> Data excerpts:
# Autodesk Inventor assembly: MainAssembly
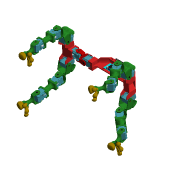
[picture p0: Inventor's stored thumbnail of the model, 180x180]
Saved by Autodesk Inventor 2016 (Build 200138000, 138)
## iProperties
Created: 2015-03-24
Part Number: MainAssembly
Document SubType Name: Assembly
Designer: Henke
Author: Henke
## Documents named in this file (10)
- G:\Study_and_Projekts\KEX_robotik\CAD\MainAssembly.iam
- G:\Study_and_Projekts\KEX_robotik\CAD\ChestConnector10Degrees.ipt
- G:\Study_and_Projekts\KEX_robotik\CAD\Leg3DOF-Front.iam
- G:\Study_and_Projekts\KEX_robotik\CAD\DCDCStepDown\Imported Components\Step Down voltage regulator LM2596\Step Down voltage regulator LM2596.ipt
- G:\Study_and_Projekts\KEX_robotik\CAD\Arduino Mega 2560\Assembly1.iam
- G:\Study_and_Projekts\KEX_robotik\CAD\RearConnector.ipt
- G:\Study_and_Projekts\KEX_robotik\CAD\SupportLeg.ipt
- G:\Study_and_Projekts\KEX_robotik\CAD\Leg3DOF-Front-Left.iam
- G:\Study_and_Projekts\KEX_robotik\CAD\RibBone.ipt
- G:\Study_and_Projekts\KEX_robotik\CAD\Spine2.iam
## Components (17 placed, 9 different names)
1. ChestConnector10Degrees:1 — Mate:4, Mate:5, Flush:1, Mate:6, Angle:1, Mate:7, Angle:2, Mate:17, Mate:18, Mate:19, Mate:20, Mate:21, Mate:22, Mate:23, Mate:24, Mate:28
2. Leg3DOF-Front:1 [sub-assembly] — Mate:4, Mate:5, Flush:1
3. Step Down voltage regulator LM2596:1 — Mate:6, Angle:1
4. Assembly1:1 [sub-assembly] — Mate:7, Angle:2
5. RearConnector:1 — Mate:25, Mate:26, Mate:27, Mate:29, Mate:30, Mate:31, Mate:32, Mate:33, Mate:34
6. SupportLeg:1 — Mate:17, Mate:18, Mate:19
7. Leg3DOF-Front-Left:1 [sub-assembly] — Mate:20, Mate:21, Mate:22
8. RibBone:1
9. RibBone:2
10. RibBone:3
11. RibBone:4
12. RibBone:5
13. RibBone:6
14. RibBone:7
15. Spine2:1 [sub-assembly] — Mate:23, Mate:24, Mate:25, Mate:26, Mate:27, Mate:28
16. Leg3DOF-Front:2 [sub-assembly] — Mate:32, Mate:33, Mate:34
17. Leg3DOF-Front-Left:2 [sub-assembly] — Mate:29, Mate:30, Mate:31
## Relationships (25: Mate 22, Angle 2, Flush 1)
- Mate:4: ChestConnector10Degrees:1 ↔ Leg3DOF-Front:1
- Mate:5: ChestConnector10Degrees:1 ↔ Leg3DOF-Front:1
- Flush:1: ChestConnector10Degrees:1 ↔ Leg3DOF-Front:1
- Mate:6: ChestConnector10Degrees:1 ↔ Step Down voltage regulator LM2596:1
- Angle:1 (0 deg): ChestConnector10Degrees:1 ↔ Step Down voltage regulator LM2596:1
- Mate:7: ChestConnector10Degrees:1 ↔ Assembly1:1
- Angle:2 (0 deg): ChestConnector10Degrees:1 ↔ Assembly1:1
- Mate:17: ChestConnector10Degrees:1 ↔ SupportLeg:1
- Mate:18: ChestConnector10Degrees:1 ↔ SupportLeg:1
- Mate:19: ChestConnector10Degrees:1 ↔ SupportLeg:1
- Mate:20: ChestConnector10Degrees:1 ↔ Leg3DOF-Front-Left:1
- Mate:21: ChestConnector10Degrees:1 ↔ Leg3DOF-Front-Left:1
- Mate:22: ChestConnector10Degrees:1 ↔ Leg3DOF-Front-Left:1
- Mate:23: ChestConnector10Degrees:1 ↔ Spine2:1
- Mate:24: ChestConnector10Degrees:1 ↔ Spine2:1
- Mate:25: RearConnector:1 ↔ Spine2:1
- Mate:26: RearConnector:1 ↔ Spine2:1
- Mate:27: RearConnector:1 ↔ Spine2:1
- Mate:28: ChestConnector10Degrees:1 ↔ Spine2:1
- Mate:29: RearConnector:1 ↔ Leg3DOF-Front-Left:2
- Mate:30: RearConnector:1 ↔ Leg3DOF-Front-Left:2
- Mate:31: RearConnector:1 ↔ Leg3DOF-Front-Left:2
- Mate:32: RearConnector:1 ↔ Leg3DOF-Front:2
- Mate:33: RearConnector:1 ↔ Leg3DOF-Front:2
- Mate:34: RearConnector:1 ↔ Leg3DOF-Front:2

> Problem requirements:
With the images omitted, retype the records above exactly.

> Result of this task:
# Autodesk Inventor assembly: MainAssembly
[picture p0: Inventor's stored thumbnail of the model, 180x180]
Saved by Autodesk Inventor 2016 (Build 200138000, 138)
## iProperties
Created: 2015-03-24
Part Number: MainAssembly
Document SubType Name: Assembly
Designer: Henke
Author: Henke
## Documents named in this file (10)
- G:\Study_and_Projekts\KEX_robotik\CAD\MainAssembly.iam
- G:\Study_and_Projekts\KEX_robotik\CAD\ChestConnector10Degrees.ipt
- G:\Study_and_Projekts\KEX_robotik\CAD\Leg3DOF-Front.iam
- G:\Study_and_Projekts\KEX_robotik\CAD\DCDCStepDown\Imported Components\Step Down voltage regulator LM2596\Step Down voltage regulator LM2596.ipt
- G:\Study_and_Projekts\KEX_robotik\CAD\Arduino Mega 2560\Assembly1.iam
- G:\Study_and_Projekts\KEX_robotik\CAD\RearConnector.ipt
- G:\Study_and_Projekts\KEX_robotik\CAD\SupportLeg.ipt
- G:\Study_and_Projekts\KEX_robotik\CAD\Leg3DOF-Front-Left.iam
- G:\Study_and_Projekts\KEX_robotik\CAD\RibBone.ipt
- G:\Study_and_Projekts\KEX_robotik\CAD\Spine2.iam
## Components (17 placed, 9 different names)
1. ChestConnector10Degrees:1 — Mate:4, Mate:5, Flush:1, Mate:6, Angle:1, Mate:7, Angle:2, Mate:17, Mate:18, Mate:19, Mate:20, Mate:21, Mate:22, Mate:23, Mate:24, Mate:28
2. Leg3DOF-Front:1 [sub-assembly] — Mate:4, Mate:5, Flush:1
3. Step Down voltage regulator LM2596:1 — Mate:6, Angle:1
4. Assembly1:1 [sub-assembly] — Mate:7, Angle:2
5. RearConnector:1 — Mate:25, Mate:26, Mate:27, Mate:29, Mate:30, Mate:31, Mate:32, Mate:33, Mate:34
6. SupportLeg:1 — Mate:17, Mate:18, Mate:19
7. Leg3DOF-Front-Left:1 [sub-assembly] — Mate:20, Mate:21, Mate:22
8. RibBone:1
9. RibBone:2
10. RibBone:3
11. RibBone:4
12. RibBone:5
13. RibBone:6
14. RibBone:7
15. Spine2:1 [sub-assembly] — Mate:23, Mate:24, Mate:25, Mate:26, Mate:27, Mate:28
16. Leg3DOF-Front:2 [sub-assembly] — Mate:32, Mate:33, Mate:34
17. Leg3DOF-Front-Left:2 [sub-assembly] — Mate:29, Mate:30, Mate:31
## Relationships (25: Mate 22, Angle 2, Flush 1)
- Mate:4: ChestConnector10Degrees:1 ↔ Leg3DOF-Front:1
- Mate:5: ChestConnector10Degrees:1 ↔ Leg3DOF-Front:1
- Flush:1: ChestConnector10Degrees:1 ↔ Leg3DOF-Front:1
- Mate:6: ChestConnector10Degrees:1 ↔ Step Down voltage regulator LM2596:1
- Angle:1 (0 deg): ChestConnector10Degrees:1 ↔ Step Down voltage regulator LM2596:1
- Mate:7: ChestConnector10Degrees:1 ↔ Assembly1:1
- Angle:2 (0 deg): ChestConnector10Degrees:1 ↔ Assembly1:1
- Mate:17: ChestConnector10Degrees:1 ↔ SupportLeg:1
- Mate:18: ChestConnector10Degrees:1 ↔ SupportLeg:1
- Mate:19: ChestConnector10Degrees:1 ↔ SupportLeg:1
- Mate:20: ChestConnector10Degrees:1 ↔ Leg3DOF-Front-Left:1
- Mate:21: ChestConnector10Degrees:1 ↔ Leg3DOF-Front-Left:1
- Mate:22: ChestConnector10Degrees:1 ↔ Leg3DOF-Front-Left:1
- Mate:23: ChestConnector10Degrees:1 ↔ Spine2:1
- Mate:24: ChestConnector10Degrees:1 ↔ Spine2:1
- Mate:25: RearConnector:1 ↔ Spine2:1
- Mate:26: RearConnector:1 ↔ Spine2:1
- Mate:27: RearConnector:1 ↔ Spine2:1
- Mate:28: ChestConnector10Degrees:1 ↔ Spine2:1
- Mate:29: RearConnector:1 ↔ Leg3DOF-Front-Left:2
- Mate:30: RearConnector:1 ↔ Leg3DOF-Front-Left:2
- Mate:31: RearConnector:1 ↔ Leg3DOF-Front-Left:2
- Mate:32: RearConnector:1 ↔ Leg3DOF-Front:2
- Mate:33: RearConnector:1 ↔ Leg3DOF-Front:2
- Mate:34: RearConnector:1 ↔ Leg3DOF-Front:2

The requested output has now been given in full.